I have an R data frame with two columns. Column x categorical and column y is continuous. Here is an example:
library(dplyr) x <- c(1,1,1,1,1,1,1,2,2,2,2,2,3,3,4,4,4,4,4,4,4,4,4,4) y <- runif(length(x), 0, 1) df <- data.frame(x,x) df_sum <- df %>% group_by(x) %>% summarise(count = n())
Think of each categorical value, such as the identifier of a series of a particular type and y, as the values ββin this series. In the end, I want to be able to compare the selected subset of all possible series using the my_func() function.
First, I need to define "good" tuples and create interable for use in the second part of the task.
To find "good" tuples, I need to compare the number of rows for each categorical value of x in df_sum . I want to find all combinations of categorical values ββof x , where the ratio of the number of observations is between 0.9 and 1.5.
For example, x_1=7 and x_2=5 , and x_1/x_2=1.4 falls into this range. Therefore, I want to save the tuple (1,2) .

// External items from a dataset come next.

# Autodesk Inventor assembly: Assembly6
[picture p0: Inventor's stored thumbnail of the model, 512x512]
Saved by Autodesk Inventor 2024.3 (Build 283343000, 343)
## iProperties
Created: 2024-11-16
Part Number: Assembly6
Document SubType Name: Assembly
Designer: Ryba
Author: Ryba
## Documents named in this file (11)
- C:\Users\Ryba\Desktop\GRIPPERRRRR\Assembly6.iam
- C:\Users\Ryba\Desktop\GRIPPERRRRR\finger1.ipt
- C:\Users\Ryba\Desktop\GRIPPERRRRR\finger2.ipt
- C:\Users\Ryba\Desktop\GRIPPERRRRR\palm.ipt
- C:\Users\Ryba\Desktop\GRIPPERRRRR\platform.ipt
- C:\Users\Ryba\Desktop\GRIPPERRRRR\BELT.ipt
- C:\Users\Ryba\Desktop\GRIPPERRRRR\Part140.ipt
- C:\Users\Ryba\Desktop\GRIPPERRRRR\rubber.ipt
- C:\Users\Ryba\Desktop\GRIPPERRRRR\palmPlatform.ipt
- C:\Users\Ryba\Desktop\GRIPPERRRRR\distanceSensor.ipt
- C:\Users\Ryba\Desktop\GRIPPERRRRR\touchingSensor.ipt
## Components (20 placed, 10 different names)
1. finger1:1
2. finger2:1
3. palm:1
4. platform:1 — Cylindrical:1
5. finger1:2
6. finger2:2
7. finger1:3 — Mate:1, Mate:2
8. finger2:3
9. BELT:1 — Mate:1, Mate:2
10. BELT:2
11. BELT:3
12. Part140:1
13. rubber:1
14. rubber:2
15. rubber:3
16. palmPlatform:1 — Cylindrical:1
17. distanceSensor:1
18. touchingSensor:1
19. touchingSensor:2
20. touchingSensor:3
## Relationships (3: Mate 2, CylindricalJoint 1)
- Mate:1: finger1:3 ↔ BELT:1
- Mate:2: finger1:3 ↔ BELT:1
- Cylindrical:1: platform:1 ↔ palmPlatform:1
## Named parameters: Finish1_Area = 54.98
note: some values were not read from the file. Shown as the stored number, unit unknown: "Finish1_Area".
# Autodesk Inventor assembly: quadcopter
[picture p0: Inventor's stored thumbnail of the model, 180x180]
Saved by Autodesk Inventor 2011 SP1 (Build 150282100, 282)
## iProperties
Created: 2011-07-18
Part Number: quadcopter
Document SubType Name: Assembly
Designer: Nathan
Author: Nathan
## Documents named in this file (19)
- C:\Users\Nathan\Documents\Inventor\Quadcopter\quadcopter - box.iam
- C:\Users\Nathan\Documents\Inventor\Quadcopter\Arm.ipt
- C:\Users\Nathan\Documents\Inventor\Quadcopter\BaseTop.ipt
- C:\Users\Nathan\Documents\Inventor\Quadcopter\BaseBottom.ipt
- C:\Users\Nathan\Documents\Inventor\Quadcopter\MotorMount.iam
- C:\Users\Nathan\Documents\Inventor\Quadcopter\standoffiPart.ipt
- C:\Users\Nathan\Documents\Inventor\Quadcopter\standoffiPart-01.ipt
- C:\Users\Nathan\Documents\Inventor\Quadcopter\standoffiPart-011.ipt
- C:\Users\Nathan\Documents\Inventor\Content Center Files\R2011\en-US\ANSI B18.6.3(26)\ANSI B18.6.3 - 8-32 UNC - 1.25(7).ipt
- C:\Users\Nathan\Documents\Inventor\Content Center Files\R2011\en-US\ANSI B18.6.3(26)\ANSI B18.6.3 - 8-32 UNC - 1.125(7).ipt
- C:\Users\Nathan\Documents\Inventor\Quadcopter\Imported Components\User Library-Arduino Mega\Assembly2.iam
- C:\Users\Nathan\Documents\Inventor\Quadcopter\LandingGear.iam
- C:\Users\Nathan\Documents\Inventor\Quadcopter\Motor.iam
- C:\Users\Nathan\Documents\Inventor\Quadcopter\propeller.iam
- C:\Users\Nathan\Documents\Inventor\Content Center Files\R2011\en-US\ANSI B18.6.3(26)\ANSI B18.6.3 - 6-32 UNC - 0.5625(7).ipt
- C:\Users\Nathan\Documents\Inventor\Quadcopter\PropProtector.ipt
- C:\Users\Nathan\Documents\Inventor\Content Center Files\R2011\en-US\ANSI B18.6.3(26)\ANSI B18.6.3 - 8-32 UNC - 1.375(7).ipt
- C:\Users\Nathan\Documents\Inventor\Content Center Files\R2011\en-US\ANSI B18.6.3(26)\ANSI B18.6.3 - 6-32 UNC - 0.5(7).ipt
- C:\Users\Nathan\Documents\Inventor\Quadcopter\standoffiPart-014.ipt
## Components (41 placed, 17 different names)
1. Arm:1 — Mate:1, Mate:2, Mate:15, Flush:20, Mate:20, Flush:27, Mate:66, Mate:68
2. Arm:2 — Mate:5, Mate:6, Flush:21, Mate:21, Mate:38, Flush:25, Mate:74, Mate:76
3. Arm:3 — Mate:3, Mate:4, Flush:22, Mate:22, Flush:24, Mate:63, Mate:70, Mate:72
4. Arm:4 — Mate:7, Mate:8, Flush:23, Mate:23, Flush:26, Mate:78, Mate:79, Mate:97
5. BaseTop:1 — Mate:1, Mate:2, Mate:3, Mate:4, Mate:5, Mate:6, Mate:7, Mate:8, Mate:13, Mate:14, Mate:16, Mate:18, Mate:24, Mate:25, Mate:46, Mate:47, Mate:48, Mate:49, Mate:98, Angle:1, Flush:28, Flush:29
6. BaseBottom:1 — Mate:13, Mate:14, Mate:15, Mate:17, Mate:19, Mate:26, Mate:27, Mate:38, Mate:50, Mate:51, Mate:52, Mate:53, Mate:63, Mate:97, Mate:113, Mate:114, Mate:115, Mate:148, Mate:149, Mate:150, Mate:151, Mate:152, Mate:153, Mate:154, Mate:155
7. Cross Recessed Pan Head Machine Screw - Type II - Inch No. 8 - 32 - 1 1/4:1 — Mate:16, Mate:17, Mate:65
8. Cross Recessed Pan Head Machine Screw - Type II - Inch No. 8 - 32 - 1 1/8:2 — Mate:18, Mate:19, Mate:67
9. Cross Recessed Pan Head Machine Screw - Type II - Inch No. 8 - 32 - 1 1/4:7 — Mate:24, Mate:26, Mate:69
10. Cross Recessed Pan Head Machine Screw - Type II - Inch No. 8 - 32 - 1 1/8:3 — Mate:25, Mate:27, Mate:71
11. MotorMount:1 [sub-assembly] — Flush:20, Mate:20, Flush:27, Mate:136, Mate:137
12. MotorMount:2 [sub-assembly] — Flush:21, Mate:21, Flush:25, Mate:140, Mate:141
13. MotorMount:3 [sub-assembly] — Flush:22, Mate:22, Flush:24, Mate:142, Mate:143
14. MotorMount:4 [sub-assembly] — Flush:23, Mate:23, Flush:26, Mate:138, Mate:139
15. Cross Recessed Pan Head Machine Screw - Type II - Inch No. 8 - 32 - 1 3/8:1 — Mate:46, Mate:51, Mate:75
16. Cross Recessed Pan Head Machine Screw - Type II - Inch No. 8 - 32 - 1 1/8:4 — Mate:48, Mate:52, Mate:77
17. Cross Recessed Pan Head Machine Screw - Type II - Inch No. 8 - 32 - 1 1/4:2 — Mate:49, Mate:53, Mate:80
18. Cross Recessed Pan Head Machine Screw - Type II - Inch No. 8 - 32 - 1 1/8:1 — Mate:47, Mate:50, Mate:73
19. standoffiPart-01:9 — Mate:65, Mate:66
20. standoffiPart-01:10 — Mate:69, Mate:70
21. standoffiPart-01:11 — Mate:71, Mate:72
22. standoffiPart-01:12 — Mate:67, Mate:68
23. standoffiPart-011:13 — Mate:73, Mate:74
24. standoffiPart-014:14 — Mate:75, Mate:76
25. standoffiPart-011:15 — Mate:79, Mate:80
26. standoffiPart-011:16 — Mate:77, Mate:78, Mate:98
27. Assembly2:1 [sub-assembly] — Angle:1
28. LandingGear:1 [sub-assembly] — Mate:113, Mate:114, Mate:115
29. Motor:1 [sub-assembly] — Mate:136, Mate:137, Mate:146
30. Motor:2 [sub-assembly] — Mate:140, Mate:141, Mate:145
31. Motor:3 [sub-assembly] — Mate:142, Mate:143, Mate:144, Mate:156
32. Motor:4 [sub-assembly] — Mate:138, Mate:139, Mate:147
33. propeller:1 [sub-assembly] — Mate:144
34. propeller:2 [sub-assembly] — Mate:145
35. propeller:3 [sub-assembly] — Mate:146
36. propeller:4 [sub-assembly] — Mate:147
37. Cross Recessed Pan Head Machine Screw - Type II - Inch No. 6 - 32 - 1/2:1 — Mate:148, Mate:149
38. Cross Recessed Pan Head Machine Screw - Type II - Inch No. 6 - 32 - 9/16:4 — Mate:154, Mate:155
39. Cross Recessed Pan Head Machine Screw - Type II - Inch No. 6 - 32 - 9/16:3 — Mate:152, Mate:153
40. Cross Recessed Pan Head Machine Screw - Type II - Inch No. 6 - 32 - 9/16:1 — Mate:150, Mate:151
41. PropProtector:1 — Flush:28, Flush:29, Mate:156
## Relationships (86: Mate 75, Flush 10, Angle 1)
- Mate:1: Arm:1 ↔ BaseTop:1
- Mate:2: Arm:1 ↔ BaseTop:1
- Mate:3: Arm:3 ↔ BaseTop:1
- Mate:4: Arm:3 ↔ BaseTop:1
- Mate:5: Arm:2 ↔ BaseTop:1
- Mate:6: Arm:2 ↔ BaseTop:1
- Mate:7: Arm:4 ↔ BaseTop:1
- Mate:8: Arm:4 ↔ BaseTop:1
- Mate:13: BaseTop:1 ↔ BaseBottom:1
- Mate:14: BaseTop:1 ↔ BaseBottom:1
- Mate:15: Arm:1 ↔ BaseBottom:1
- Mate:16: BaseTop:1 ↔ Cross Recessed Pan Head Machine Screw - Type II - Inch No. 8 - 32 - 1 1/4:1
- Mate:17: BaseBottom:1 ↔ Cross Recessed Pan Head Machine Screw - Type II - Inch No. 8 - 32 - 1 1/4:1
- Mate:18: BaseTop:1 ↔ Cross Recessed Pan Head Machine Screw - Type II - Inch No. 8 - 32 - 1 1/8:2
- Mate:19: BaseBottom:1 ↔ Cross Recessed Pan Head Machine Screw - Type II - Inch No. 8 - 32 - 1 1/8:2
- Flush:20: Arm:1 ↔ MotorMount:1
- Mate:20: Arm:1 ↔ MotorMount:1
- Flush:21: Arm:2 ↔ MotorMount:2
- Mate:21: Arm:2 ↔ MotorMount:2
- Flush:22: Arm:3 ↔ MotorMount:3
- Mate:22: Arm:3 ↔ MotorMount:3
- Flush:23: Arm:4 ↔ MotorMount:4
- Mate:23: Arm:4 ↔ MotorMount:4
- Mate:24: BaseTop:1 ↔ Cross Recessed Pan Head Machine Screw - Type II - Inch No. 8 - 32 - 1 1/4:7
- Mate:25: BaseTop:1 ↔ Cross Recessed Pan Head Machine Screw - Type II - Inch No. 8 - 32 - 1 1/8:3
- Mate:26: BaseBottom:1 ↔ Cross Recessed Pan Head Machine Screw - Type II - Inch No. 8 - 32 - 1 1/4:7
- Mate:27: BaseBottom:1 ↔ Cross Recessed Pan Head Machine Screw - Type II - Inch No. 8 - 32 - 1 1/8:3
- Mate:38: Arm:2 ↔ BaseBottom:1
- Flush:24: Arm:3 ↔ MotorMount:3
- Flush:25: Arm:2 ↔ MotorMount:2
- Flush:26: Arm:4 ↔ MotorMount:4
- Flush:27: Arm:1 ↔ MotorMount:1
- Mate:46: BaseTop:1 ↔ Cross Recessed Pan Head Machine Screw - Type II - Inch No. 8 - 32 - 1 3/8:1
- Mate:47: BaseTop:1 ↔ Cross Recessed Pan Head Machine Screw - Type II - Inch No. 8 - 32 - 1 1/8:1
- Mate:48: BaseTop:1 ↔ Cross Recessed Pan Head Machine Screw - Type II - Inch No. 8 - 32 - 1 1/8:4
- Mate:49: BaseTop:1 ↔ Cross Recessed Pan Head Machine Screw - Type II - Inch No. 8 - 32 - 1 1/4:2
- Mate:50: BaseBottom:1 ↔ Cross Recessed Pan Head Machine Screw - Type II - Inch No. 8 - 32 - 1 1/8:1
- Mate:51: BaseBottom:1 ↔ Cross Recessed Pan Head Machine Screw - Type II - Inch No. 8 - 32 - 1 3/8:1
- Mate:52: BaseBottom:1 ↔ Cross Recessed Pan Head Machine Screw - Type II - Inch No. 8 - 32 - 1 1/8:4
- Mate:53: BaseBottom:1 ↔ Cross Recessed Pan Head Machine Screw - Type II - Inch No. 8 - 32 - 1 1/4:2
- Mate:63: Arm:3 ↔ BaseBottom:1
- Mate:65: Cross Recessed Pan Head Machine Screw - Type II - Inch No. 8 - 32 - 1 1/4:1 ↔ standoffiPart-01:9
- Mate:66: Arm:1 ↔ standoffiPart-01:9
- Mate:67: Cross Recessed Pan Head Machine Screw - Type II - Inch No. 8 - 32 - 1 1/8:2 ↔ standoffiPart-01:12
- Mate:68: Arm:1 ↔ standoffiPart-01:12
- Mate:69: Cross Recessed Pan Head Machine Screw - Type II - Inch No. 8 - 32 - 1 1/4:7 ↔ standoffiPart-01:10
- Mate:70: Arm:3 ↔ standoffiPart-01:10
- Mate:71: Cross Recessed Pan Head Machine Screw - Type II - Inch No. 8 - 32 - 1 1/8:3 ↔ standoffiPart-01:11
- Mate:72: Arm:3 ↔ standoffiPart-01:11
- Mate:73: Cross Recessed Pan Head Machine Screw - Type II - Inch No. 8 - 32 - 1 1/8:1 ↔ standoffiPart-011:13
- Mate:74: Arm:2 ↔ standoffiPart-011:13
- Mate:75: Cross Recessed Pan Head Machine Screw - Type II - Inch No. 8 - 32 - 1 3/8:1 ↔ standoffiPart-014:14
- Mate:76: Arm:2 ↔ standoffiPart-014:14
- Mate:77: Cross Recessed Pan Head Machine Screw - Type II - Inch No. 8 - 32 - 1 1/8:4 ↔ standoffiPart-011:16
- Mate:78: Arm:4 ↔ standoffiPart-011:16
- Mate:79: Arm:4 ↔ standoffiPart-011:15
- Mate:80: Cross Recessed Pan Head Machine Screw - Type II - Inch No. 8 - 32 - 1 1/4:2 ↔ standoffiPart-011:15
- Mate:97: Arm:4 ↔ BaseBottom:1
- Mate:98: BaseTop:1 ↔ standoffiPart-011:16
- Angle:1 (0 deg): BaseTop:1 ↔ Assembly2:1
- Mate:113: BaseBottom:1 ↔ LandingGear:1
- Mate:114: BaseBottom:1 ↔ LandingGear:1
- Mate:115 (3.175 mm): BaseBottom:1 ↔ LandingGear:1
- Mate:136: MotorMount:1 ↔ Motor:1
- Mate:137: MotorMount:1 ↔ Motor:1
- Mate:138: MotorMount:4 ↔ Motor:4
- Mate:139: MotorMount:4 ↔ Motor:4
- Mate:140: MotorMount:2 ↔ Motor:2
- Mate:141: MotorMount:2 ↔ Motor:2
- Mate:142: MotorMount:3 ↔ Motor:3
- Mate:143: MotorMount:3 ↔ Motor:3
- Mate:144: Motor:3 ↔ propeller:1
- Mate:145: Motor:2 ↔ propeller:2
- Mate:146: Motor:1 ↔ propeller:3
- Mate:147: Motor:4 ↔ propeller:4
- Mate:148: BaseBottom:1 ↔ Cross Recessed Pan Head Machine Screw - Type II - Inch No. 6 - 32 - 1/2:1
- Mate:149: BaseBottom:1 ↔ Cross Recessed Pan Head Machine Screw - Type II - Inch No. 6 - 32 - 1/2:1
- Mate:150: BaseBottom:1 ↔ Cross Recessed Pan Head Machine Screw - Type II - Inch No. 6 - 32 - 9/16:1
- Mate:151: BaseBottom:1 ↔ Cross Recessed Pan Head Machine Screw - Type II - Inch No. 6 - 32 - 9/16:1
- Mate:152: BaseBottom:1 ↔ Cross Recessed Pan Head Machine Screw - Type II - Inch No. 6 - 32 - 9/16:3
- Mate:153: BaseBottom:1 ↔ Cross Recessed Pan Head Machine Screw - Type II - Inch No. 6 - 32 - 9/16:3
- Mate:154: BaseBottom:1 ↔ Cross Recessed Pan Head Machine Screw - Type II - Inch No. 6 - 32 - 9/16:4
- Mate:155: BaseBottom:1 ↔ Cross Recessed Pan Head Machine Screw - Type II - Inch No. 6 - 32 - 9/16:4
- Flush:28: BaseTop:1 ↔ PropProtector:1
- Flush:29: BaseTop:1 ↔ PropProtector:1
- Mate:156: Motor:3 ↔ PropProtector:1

my_func(s1,s2)=my_func(s2,s1)
Therefore, I do not need to save (2,1) if I already have (1,2) . Once I have all the good tuples, I want to scroll through them and run the function my_func(s1, s2) and save (s1, s2, my_func(s1,s2)) in the data frame.
If good_tuples were a Python-like list [(1,2),...] , I would write pseudocode, for example:
for tuple in good_tuples: s1 <- df[df$x==tuple[0],'y'] s2 <- df[df$x==tuple[1],'y'] my_func(s1, s2)
Ideally, I could run the loop in parallel with something like mapply.